__Required action__
Your task is to reproduce, exactly and only, the lines running from the line containing "chamfer(f20_edges, length=F20_SIZE)" to the end of the data below, both included.
(Data begins)
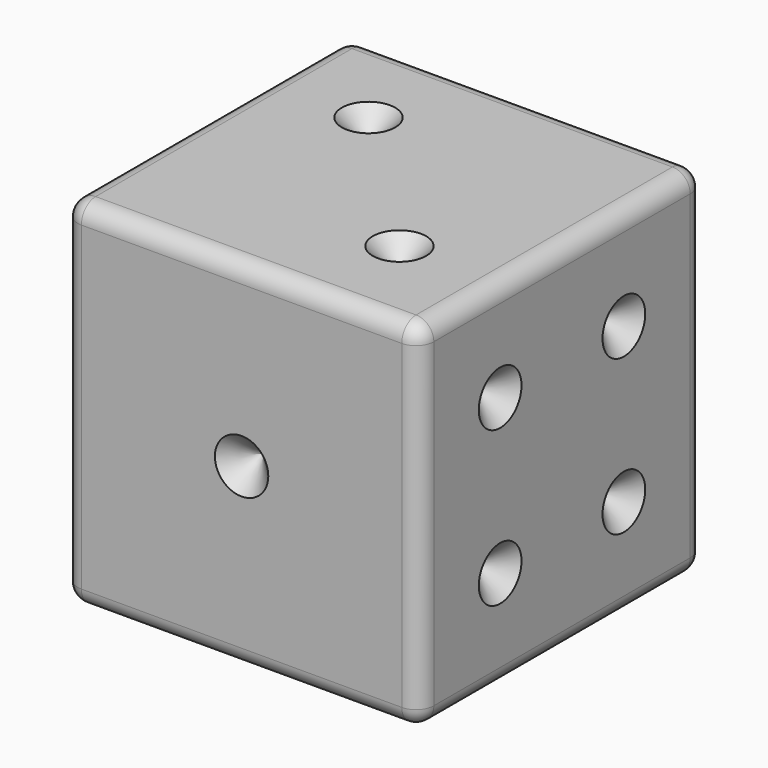
from build123d import *

# Parameters (mm, degrees)
F0_W      = 20
F0_H      = 20
F1_DEPTH  = 20
F2_R      = 1.5
F3_DEPTH  = 1.5
F4_SIZE   = 1.49999
F5_R      = 1.5
F6_DEPTH  = 1.5
F7_SIZE   = 1.49999
F8_SIZE   = 1.49999
F9_R      = 1.5
F10_DEPTH = 1.5
F11_SIZE  = 1.49999
F12_R     = 1.5
F13_DEPTH = 1.5
F14_SIZE  = 1.49999
F15_R     = 1.5
F16_DEPTH = 1.5
F17_SIZE  = 1.49999
F18_R     = 1.5
F19_DEPTH = 1.5
F20_SIZE  = 1.49999
F21_R     = 1


# Not quite as in the source:
# - a fillet or chamfer is up to 0.001 mm smaller than in the source, because OpenCascade refuses the exact size


with BuildPart() as f1:
    # F0 (on Top) → F1 (new body)
    with BuildSketch(Plane.XY):
        with Locations((10, 10)):
            Rectangle(F0_W, F0_H)
    extrude(amount=F1_DEPTH)

    # F2 (on face) → F3 (cut)
    with BuildSketch(Plane.XZ):
        with Locations((10, 10)):
            Circle(F2_R)
    extrude(amount=-F3_DEPTH, mode=Mode.SUBTRACT)

    # F4 (size 1.5 in the source; OpenCascade refuses exactly that, so slightly less here)
    f4_edges = [f1.edges().sort_by_distance(p)[0] for p in [
        (8.5, 1.5, 10),
    ]]
    chamfer(f4_edges, length=F4_SIZE)

    # F5 (on face) → F6 (cut)
    with BuildSketch(Plane.XY.offset(20)):
        with Locations((5.6568542495, 14.3431457505)):
            Circle(F5_R)
        with Locations((14.3431457505, 5.6568542495)):
            Circle(F5_R)
    extrude(amount=-F6_DEPTH, mode=Mode.SUBTRACT)

    # F7 (size 1.5 in the source; OpenCascade refuses exactly that, so slightly less here)
    f7_edges = [f1.edges().sort_by_distance(p)[0] for p in [
        (4.156854, 14.343146, 18.5),
    ]]
    chamfer(f7_edges, length=F7_SIZE)

    # F8 (size 1.5 in the source; OpenCascade refuses exactly that, so slightly less here)
    f8_edges = [f1.edges().sort_by_distance(p)[0] for p in [
        (12.843146, 5.656854, 18.5),
    ]]
    chamfer(f8_edges, length=F8_SIZE)

    # F9 (on face) → F10 (cut)
    with BuildSketch(Plane(origin=(0, 0, 0), x_dir=(0, -1, 0), z_dir=(-1, 0, 0))):
        with Locations((-14.3431457505, 14.3431457505)):
            Circle(F9_R)
        with Locations((-10, 10)):
            Circle(F9_R)
        with Locations((-5.6568542495, 5.6568542495)):
            Circle(F9_R)
    extrude(amount=-F10_DEPTH, mode=Mode.SUBTRACT)

    # F11 (size 1.5 in the source; OpenCascade refuses exactly that, so slightly less here)
    f11_edges = [f1.edges().sort_by_distance(p)[0] for p in [
        (1.5, 15.843146, 14.343146),
        (1.5, 11.5, 10),
        (1.5, 7.156854, 5.656854),
    ]]
    chamfer(f11_edges, length=F11_SIZE)

    # F12 (on face) → F13 (cut)
    with BuildSketch(Plane.YZ.offset(20)):
        with Locations((5.6568542495, 14.3431457505)):
            Circle(F12_R)
        with Locations((14.3431457505, 14.3431457505)):
            Circle(F12_R)
        with Locations((14.3431457505, 5.6568542495)):
            Circle(F12_R)
        with Locations((5.6568542495, 5.6568542495)):
            Circle(F12_R)
    extrude(amount=-F13_DEPTH, mode=Mode.SUBTRACT)

    # F14 (size 1.5 in the source; OpenCascade refuses exactly that, so slightly less here)
    f14_edges = [f1.edges().sort_by_distance(p)[0] for p in [
        (18.5, 4.156854, 14.343146),
        (18.5, 12.843146, 14.343146),
        (18.5, 12.843146, 5.656854),
        (18.5, 4.156854, 5.656854),
    ]]
    chamfer(f14_edges, length=F14_SIZE)

    # F15 (on face) → F16 (cut)
    with BuildSketch(Plane(origin=(0, 0, 0), x_dir=(1, 0, 0), z_dir=(0, 0, -1))):
        with Locations((5.6568542495, -5.6568542495)):
            Circle(F15_R)
        with Locations((10, -10)):
            Circle(F15_R)
        with Locations((14.3431457505, -5.6568542495)):
            Circle(F15_R)
        with Locations((14.3431457505, -14.3431457505)):
            Circle(F15_R)
        with Locations((5.6568542495, -14.3431457505)):
            Circle(F15_R)
    extrude(amount=-F16_DEPTH, mode=Mode.SUBTRACT)

    # F17 (size 1.5 in the source; OpenCascade refuses exactly that, so slightly less here)
    f17_edges = [f1.edges().sort_by_distance(p)[0] for p in [
        (4.156854, 5.656854, 1.5),
        (12.843146, 5.656854, 1.5),
        (8.5, 10, 1.5),
        (4.156854, 14.343146, 1.5),
        (12.843146, 14.343146, 1.5),
    ]]
    chamfer(f17_edges, length=F17_SIZE)

    # F18 (on face) → F19 (cut)
    with BuildSketch(Plane(origin=(0, 20, 0), x_dir=(-1, 0, 0), z_dir=(0, 1, 0))):
        with Locations((-14.3431457505, 14.3431457505)):
            Circle(F18_R)
        with Locations((-5.6568542495, 14.3431457505)):
            Circle(F18_R)
        with Locations((-5.6568542495, 10)):
            Circle(F18_R)
        with Locations((-14.3431457505, 10)):
            Circle(F18_R)
        with Locations((-14.3431457505, 5.6568542495)):
            Circle(F18_R)
        with Locations((-5.6568542495, 5.6568542495)):
            Circle(F18_R)
    extrude(amount=-F19_DEPTH, mode=Mode.SUBTRACT)

    # F20 (size 1.5 in the source; OpenCascade refuses exactly that, so slightly less here)
    f20_edges = [f1.edges().sort_by_distance(p)[0] for p in [
        (15.843146, 18.5, 14.343146),
        (7.156854, 18.5, 14.343146),
        (7.156854, 18.5, 10),
        (15.843146, 18.5, 10),
        (15.843146, 18.5, 5.656854),
        (7.156854, 18.5, 5.656854),
    ]]
    chamfer(f20_edges, length=F20_SIZE)

    # F21
    f21_edges = [f1.edges().sort_by_distance(p)[0] for p in [
        (0, 10, 20),
        (10, 0, 20),
        (20, 10, 20),
        (10, 20, 20),
        (20, 20, 10),
        (20, 0, 10),
        (0, 0, 10),
        (20, 10, 0),
        (10, 0, 0),
        (0, 20, 10),
        (0, 10, 0),
        (10, 20, 0),
    ]]
    fillet(f21_edges, radius=F21_R)


solid = f1.part
(Data ends)
__Written solution__
    chamfer(f20_edges, length=F20_SIZE)

    # F21
    f21_edges = [f1.edges().sort_by_distance(p)[0] for p in [
        (0, 10, 20),
        (10, 0, 20),
        (20, 10, 20),
        (10, 20, 20),
        (20, 20, 10),
        (20, 0, 10),
        (0, 0, 10),
        (20, 10, 0),
        (10, 0, 0),
        (0, 20, 10),
        (0, 10, 0),
        (10, 20, 0),
    ]]
    fillet(f21_edges, radius=F21_R)


solid = f1.part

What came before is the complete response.